Features

The Solargis platform brings all Solargis products under one roof, offering one environment for solar project development. Solargis Prospect and Solargis Evaluate, both part of the Solargis platform, ensure reliable decision-making from early screening to securing project financing. 

In Prospect, you can explore and quickly assess and compare multiple locations to identify the most promising ones using reliable solar resource data. Once a location is selected, you can proceed to Evaluate, where high-resolution data is used for detailed project analysis and bankability assessments - all without needing to leave the Solargis platform. 

More about Solargis solutions ->

Access Solargis Evaluate alongside other Solargis solutions through a single, streamlined interface. Manage users and team collaboration seamlessly in one platform. Easily add or remove team members, and onboard new users with just a few clicks, ensuring everyone has the access they need to work efficiently.

Keep track of all your projects through Solargis Home. View your complete project list, see where each project is assigned, track the latest activity, and access everything from a central platform. Filter out your most recent projects, restore archived projects and manage your labels.

More about Solargis Home->

Within your Solargis Evaluate tier subscription, the purchased credits give you flexibility in your spending. If you are unsure whether you want to use TMY or Time Series data at the moment of purchase, you can decide what dataset you want to use at the time of project activation. 

Once you run out of credits, you can buy additional ones, or if you are left with remaining credits at the end of your subscription period, you can opt to transfer them into your next subscription. This is valid only on condition that you remain in the same subscription plan.​

See pricing ->

Early-stage evaluation
As you enter the initial stages of PV project assessment, you can initiate the “Early stage” phase. This phase marks the beginning of the evaluation process, allowing for preliminary planning to ensure the project's viability.

TMY P50 data allows for a balanced view of expected performance without the need for Time Series data, making it an efficient choice for preliminary decision-making before moving into more detailed, high-resolution analysis.

Full evaluation
When you decide that it’s time to move the project further, you can upgrade to full evaluation any time. In this phase you can work with sub-hourly Time Series data and gain access to the full suite of Solargis Evaluate features, such as generating bankable reports that help with securing project financing. 

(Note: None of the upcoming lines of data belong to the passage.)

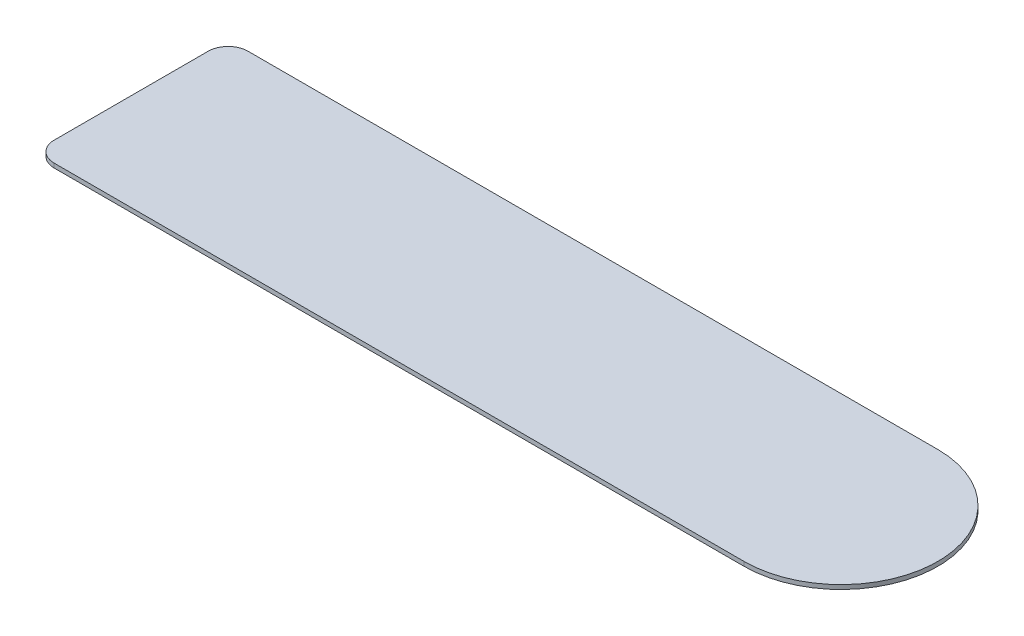
ISO-10303-21;
HEADER;
FILE_DESCRIPTION(('STEP AP214'),'2;1');
FILE_NAME('part.step','',(''),(''),'','','');
FILE_SCHEMA(('AUTOMOTIVE_DESIGN { 1 0 10303 214 1 1 1 1 }'));
ENDSEC;
DATA;
#1=APPLICATION_CONTEXT('core data for automotive mechanical design processes');
#2=APPLICATION_PROTOCOL_DEFINITION('international standard','automotive_design',2000,#1);
#3=PRODUCT_CONTEXT('',#1,'mechanical');
#4=PRODUCT('Part','Part','',(#3));
#5=PRODUCT_RELATED_PRODUCT_CATEGORY('part','',(#4));
#6=PRODUCT_DEFINITION_FORMATION('','',#4);
#7=PRODUCT_DEFINITION_CONTEXT('part definition',#1,'design');
#8=PRODUCT_DEFINITION('design','',#6,#7);
#9=PRODUCT_DEFINITION_SHAPE('','',#8);
#10=(LENGTH_UNIT() NAMED_UNIT(*) SI_UNIT(.MILLI.,.METRE.));
#11=(NAMED_UNIT(*) PLANE_ANGLE_UNIT() SI_UNIT($,.RADIAN.));
#12=(NAMED_UNIT(*) SI_UNIT($,.STERADIAN.) SOLID_ANGLE_UNIT());
#13=UNCERTAINTY_MEASURE_WITH_UNIT(LENGTH_MEASURE(1.E-05),#10,'distance_accuracy_value','');
#14=(GEOMETRIC_REPRESENTATION_CONTEXT(3) GLOBAL_UNCERTAINTY_ASSIGNED_CONTEXT((#13)) GLOBAL_UNIT_ASSIGNED_CONTEXT((#10,
#11,#12)) REPRESENTATION_CONTEXT('',''));
#15=CARTESIAN_POINT('',(0.,0.,0.));
#16=DIRECTION('',(0.,0.,1.));
#17=DIRECTION('',(1.,0.,0.));
#18=AXIS2_PLACEMENT_3D('',#15,#16,#17);
#19=CARTESIAN_POINT('',(360.,1.5,4.04499180678419E-06));
#20=DIRECTION('',(0.,-1.,0.));
#21=DIRECTION('',(0.,0.,-1.));
#22=AXIS2_PLACEMENT_3D('',#19,#20,#21);
#23=CYLINDRICAL_SURFACE('',#22,33.9999970299869);
#24=CARTESIAN_POINT('',(360.,0.,4.04499180678419E-06));
#25=DIRECTION('',(0.,1.,0.));
#26=DIRECTION('',(0.,0.,1.));
#27=AXIS2_PLACEMENT_3D('',#24,#25,#26);
#28=CIRCLE('',#27,33.9999970299869);
#29=CARTESIAN_POINT('',(360.,0.,34.0000010749787));
#30=VERTEX_POINT('',#29);
#31=CARTESIAN_POINT('',(360.,0.,-33.999992984995));
#32=VERTEX_POINT('',#31);
#33=EDGE_CURVE('E118',#30,#32,#28,.T.);
#34=ORIENTED_EDGE('',*,*,#33,.T.);
#35=DIRECTION('',(0.,-1.,0.));
#36=VECTOR('',#35,1.);
#37=CARTESIAN_POINT('',(360.,1.5,-33.999992984995));
#38=LINE('',#37,#36);
#39=CARTESIAN_POINT('',(360.,1.5,-33.999992984995));
#40=VERTEX_POINT('',#39);
#41=EDGE_CURVE('E11',#40,#32,#38,.T.);
#42=ORIENTED_EDGE('',*,*,#41,.F.);
#43=CARTESIAN_POINT('',(360.,1.5,4.04499180678419E-06));
#44=DIRECTION('',(0.,1.,0.));
#45=DIRECTION('',(0.,0.,1.));
#46=AXIS2_PLACEMENT_3D('',#43,#44,#45);
#47=CIRCLE('',#46,33.9999970299869);
#48=CARTESIAN_POINT('',(360.,1.5,34.0000010749787));
#49=VERTEX_POINT('',#48);
#50=EDGE_CURVE('E128',#49,#40,#47,.T.);
#51=ORIENTED_EDGE('',*,*,#50,.F.);
#52=DIRECTION('',(0.,-1.,0.));
#53=VECTOR('',#52,1.);
#54=CARTESIAN_POINT('',(360.,1.5,34.0000010749787));
#55=LINE('',#54,#53);
#56=EDGE_CURVE('E114',#49,#30,#55,.T.);
#57=ORIENTED_EDGE('',*,*,#56,.T.);
#58=EDGE_LOOP('',(#34,#42,#51,#57));
#59=FACE_BOUND('',#58,.T.);
#60=ADVANCED_FACE('F34',(#59),#23,.T.);
#61=CARTESIAN_POINT('',(360.,1.5,-33.999992984995));
#62=DIRECTION('',(0.,0.,1.));
#63=DIRECTION('',(1.,0.,0.));
#64=AXIS2_PLACEMENT_3D('',#61,#62,#63);
#65=PLANE('',#64);
#66=DIRECTION('',(-1.,0.,0.));
#67=VECTOR('',#66,1.);
#68=CARTESIAN_POINT('',(360.,0.,-33.999992984995));
#69=LINE('',#68,#67);
#70=CARTESIAN_POINT('',(118.,0.,-33.999992984995));
#71=VERTEX_POINT('',#70);
#72=EDGE_CURVE('E121',#32,#71,#69,.T.);
#73=ORIENTED_EDGE('',*,*,#72,.T.);
#74=DIRECTION('',(0.,-1.,0.));
#75=VECTOR('',#74,1.);
#76=CARTESIAN_POINT('',(118.,1.5,-33.999992984995));
#77=LINE('',#76,#75);
#78=CARTESIAN_POINT('',(118.,1.5,-33.999992984995));
#79=VERTEX_POINT('',#78);
#80=EDGE_CURVE('E42',#79,#71,#77,.T.);
#81=ORIENTED_EDGE('',*,*,#80,.F.);
#82=DIRECTION('',(-1.,0.,0.));
#83=VECTOR('',#82,1.);
#84=CARTESIAN_POINT('',(360.,1.5,-33.999992984995));
#85=LINE('',#84,#83);
#86=EDGE_CURVE('E87',#40,#79,#85,.T.);
#87=ORIENTED_EDGE('',*,*,#86,.F.);
#88=ORIENTED_EDGE('',*,*,#41,.T.);
#89=EDGE_LOOP('',(#73,#81,#87,#88));
#90=FACE_BOUND('',#89,.T.);
#91=ADVANCED_FACE('F152',(#90),#65,.F.);
#92=CARTESIAN_POINT('',(118.,1.5,-26.999992984995));
#93=DIRECTION('',(0.,-1.,0.));
#94=DIRECTION('',(0.,0.,-1.));
#95=AXIS2_PLACEMENT_3D('',#92,#93,#94);
#96=CYLINDRICAL_SURFACE('',#95,7.);
#97=CARTESIAN_POINT('',(118.,0.,-26.999992984995));
#98=DIRECTION('',(0.,1.,0.));
#99=DIRECTION('',(0.,0.,-1.));
#100=AXIS2_PLACEMENT_3D('',#97,#98,#99);
#101=CIRCLE('',#100,7.);
#102=CARTESIAN_POINT('',(111.,0.,-26.999992984995));
#103=VERTEX_POINT('',#102);
#104=EDGE_CURVE('E123',#71,#103,#101,.T.);
#105=ORIENTED_EDGE('',*,*,#104,.T.);
#106=DIRECTION('',(0.,-1.,0.));
#107=VECTOR('',#106,1.);
#108=CARTESIAN_POINT('',(111.,1.5,-26.999992984995));
#109=LINE('',#108,#107);
#110=CARTESIAN_POINT('',(111.,1.5,-26.999992984995));
#111=VERTEX_POINT('',#110);
#112=EDGE_CURVE('E109',#111,#103,#109,.T.);
#113=ORIENTED_EDGE('',*,*,#112,.F.);
#114=CARTESIAN_POINT('',(118.,1.5,-26.999992984995));
#115=DIRECTION('',(0.,1.,0.));
#116=DIRECTION('',(0.,0.,-1.));
#117=AXIS2_PLACEMENT_3D('',#114,#115,#116);
#118=CIRCLE('',#117,7.);
#119=EDGE_CURVE('E100',#79,#111,#118,.T.);
#120=ORIENTED_EDGE('',*,*,#119,.F.);
#121=ORIENTED_EDGE('',*,*,#80,.T.);
#122=EDGE_LOOP('',(#105,#113,#120,#121));
#123=FACE_BOUND('',#122,.T.);
#124=ADVANCED_FACE('F134',(#123),#96,.T.);
#125=CARTESIAN_POINT('',(111.,1.5,-26.999992984995));
#126=DIRECTION('',(1.,0.,0.));
#127=DIRECTION('',(0.,0.,-1.));
#128=AXIS2_PLACEMENT_3D('',#125,#126,#127);
#129=PLANE('',#128);
#130=DIRECTION('',(0.,0.,1.));
#131=VECTOR('',#130,1.);
#132=CARTESIAN_POINT('',(111.,0.,-26.999992984995));
#133=LINE('',#132,#131);
#134=CARTESIAN_POINT('',(111.,0.,27.0000010749787));
#135=VERTEX_POINT('',#134);
#136=EDGE_CURVE('E108',#103,#135,#133,.T.);
#137=ORIENTED_EDGE('',*,*,#136,.T.);
#138=DIRECTION('',(0.,-1.,0.));
#139=VECTOR('',#138,1.);
#140=CARTESIAN_POINT('',(111.,1.5,27.0000010749787));
#141=LINE('',#140,#139);
#142=CARTESIAN_POINT('',(111.,1.5,27.0000010749787));
#143=VERTEX_POINT('',#142);
#144=EDGE_CURVE('E105',#143,#135,#141,.T.);
#145=ORIENTED_EDGE('',*,*,#144,.F.);
#146=DIRECTION('',(0.,0.,1.));
#147=VECTOR('',#146,1.);
#148=CARTESIAN_POINT('',(111.,1.5,-26.999992984995));
#149=LINE('',#148,#147);
#150=EDGE_CURVE('E94',#111,#143,#149,.T.);
#151=ORIENTED_EDGE('',*,*,#150,.F.);
#152=ORIENTED_EDGE('',*,*,#112,.T.);
#153=EDGE_LOOP('',(#137,#145,#151,#152));
#154=FACE_BOUND('',#153,.T.);
#155=ADVANCED_FACE('F106',(#154),#129,.F.);
#156=CARTESIAN_POINT('',(118.,1.5,27.0000010749787));
#157=DIRECTION('',(0.,-1.,0.));
#158=DIRECTION('',(0.,0.,-1.));
#159=AXIS2_PLACEMENT_3D('',#156,#157,#158);
#160=CYLINDRICAL_SURFACE('',#159,7.00000000000001);
#161=CARTESIAN_POINT('',(118.,0.,27.0000010749787));
#162=DIRECTION('',(0.,1.,0.));
#163=DIRECTION('',(0.,0.,-1.));
#164=AXIS2_PLACEMENT_3D('',#161,#162,#163);
#165=CIRCLE('',#164,7.00000000000001);
#166=CARTESIAN_POINT('',(118.,0.,34.0000010749787));
#167=VERTEX_POINT('',#166);
#168=EDGE_CURVE('E73',#135,#167,#165,.T.);
#169=ORIENTED_EDGE('',*,*,#168,.T.);
#170=DIRECTION('',(0.,-1.,0.));
#171=VECTOR('',#170,1.);
#172=CARTESIAN_POINT('',(118.,1.5,34.0000010749787));
#173=LINE('',#172,#171);
#174=CARTESIAN_POINT('',(118.,1.5,34.0000010749787));
#175=VERTEX_POINT('',#174);
#176=EDGE_CURVE('E110',#175,#167,#173,.T.);
#177=ORIENTED_EDGE('',*,*,#176,.F.);
#178=CARTESIAN_POINT('',(118.,1.5,27.0000010749787));
#179=DIRECTION('',(0.,1.,0.));
#180=DIRECTION('',(0.,0.,-1.));
#181=AXIS2_PLACEMENT_3D('',#178,#179,#180);
#182=CIRCLE('',#181,7.00000000000001);
#183=EDGE_CURVE('E98',#143,#175,#182,.T.);
#184=ORIENTED_EDGE('',*,*,#183,.F.);
#185=ORIENTED_EDGE('',*,*,#144,.T.);
#186=EDGE_LOOP('',(#169,#177,#184,#185));
#187=FACE_BOUND('',#186,.T.);
#188=ADVANCED_FACE('F112',(#187),#160,.T.);
#189=CARTESIAN_POINT('',(118.,1.5,34.0000010749787));
#190=DIRECTION('',(0.,0.,-1.));
#191=DIRECTION('',(-1.,0.,0.));
#192=AXIS2_PLACEMENT_3D('',#189,#190,#191);
#193=PLANE('',#192);
#194=DIRECTION('',(1.,0.,0.));
#195=VECTOR('',#194,1.);
#196=CARTESIAN_POINT('',(118.,0.,34.0000010749787));
#197=LINE('',#196,#195);
#198=EDGE_CURVE('E79',#167,#30,#197,.T.);
#199=ORIENTED_EDGE('',*,*,#198,.T.);
#200=ORIENTED_EDGE('',*,*,#56,.F.);
#201=DIRECTION('',(1.,0.,0.));
#202=VECTOR('',#201,1.);
#203=CARTESIAN_POINT('',(118.,1.5,34.0000010749787));
#204=LINE('',#203,#202);
#205=EDGE_CURVE('E50',#175,#49,#204,.T.);
#206=ORIENTED_EDGE('',*,*,#205,.F.);
#207=ORIENTED_EDGE('',*,*,#176,.T.);
#208=EDGE_LOOP('',(#199,#200,#206,#207));
#209=FACE_BOUND('',#208,.T.);
#210=ADVANCED_FACE('F141',(#209),#193,.F.);
#211=CARTESIAN_POINT('',(360.,1.5,4.04499180678419E-06));
#212=DIRECTION('',(0.,1.,0.));
#213=DIRECTION('',(0.,0.,1.));
#214=AXIS2_PLACEMENT_3D('',#211,#212,#213);
#215=PLANE('',#214);
#216=ORIENTED_EDGE('',*,*,#50,.T.);
#217=ORIENTED_EDGE('',*,*,#86,.T.);
#218=ORIENTED_EDGE('',*,*,#119,.T.);
#219=ORIENTED_EDGE('',*,*,#150,.T.);
#220=ORIENTED_EDGE('',*,*,#183,.T.);
#221=ORIENTED_EDGE('',*,*,#205,.T.);
#222=EDGE_LOOP('',(#216,#217,#218,#219,#220,#221));
#223=FACE_BOUND('',#222,.T.);
#224=ADVANCED_FACE('F96',(#223),#215,.T.);
#225=CARTESIAN_POINT('',(360.,0.,4.04499180678419E-06));
#226=DIRECTION('',(0.,1.,0.));
#227=DIRECTION('',(0.,0.,1.));
#228=AXIS2_PLACEMENT_3D('',#225,#226,#227);
#229=PLANE('',#228);
#230=ORIENTED_EDGE('',*,*,#33,.F.);
#231=ORIENTED_EDGE('',*,*,#198,.F.);
#232=ORIENTED_EDGE('',*,*,#168,.F.);
#233=ORIENTED_EDGE('',*,*,#136,.F.);
#234=ORIENTED_EDGE('',*,*,#104,.F.);
#235=ORIENTED_EDGE('',*,*,#72,.F.);
#236=EDGE_LOOP('',(#230,#231,#232,#233,#234,#235));
#237=FACE_BOUND('',#236,.T.);
#238=ADVANCED_FACE('F137',(#237),#229,.F.);
#239=CLOSED_SHELL('',(#60,#91,#124,#155,#188,#210,#224,#238));
#240=MANIFOLD_SOLID_BREP('B2',#239);
#241=ADVANCED_BREP_SHAPE_REPRESENTATION('',(#18,#240),#14);
#242=SHAPE_DEFINITION_REPRESENTATION(#9,#241);
ENDSEC;
END-ISO-10303-21;

Within our platform, you can now request consultancy services or additional data services directly, saving time on email communication and file exchanges as the project data is already included in the request. 

You can directly request

• Data services:

  • High temporal resolution data: 1-, 5-, 10-minute data
  • TMY data (Pxx): P99, P95, P90, P75, P10
  • GHI/DNI uncertainty

• Consultancy services: 

  • Enhanced Solar Resource & Meteo Assessment
  • Site Adaptation of Solargis Model Time Series Data
  • Ground Surface Albedo Time Series
  • Enhanced PV Energy Yield Assessment
  • Ground Surface Albedo Evaluation Based on Site-Adapted Data

Additional services reduce the uncertainty of PV power plant design and increase your confidence in the project's long-term viability. Attract investments by achieving more accurate financial estimates and increase the credibility of project evaluation.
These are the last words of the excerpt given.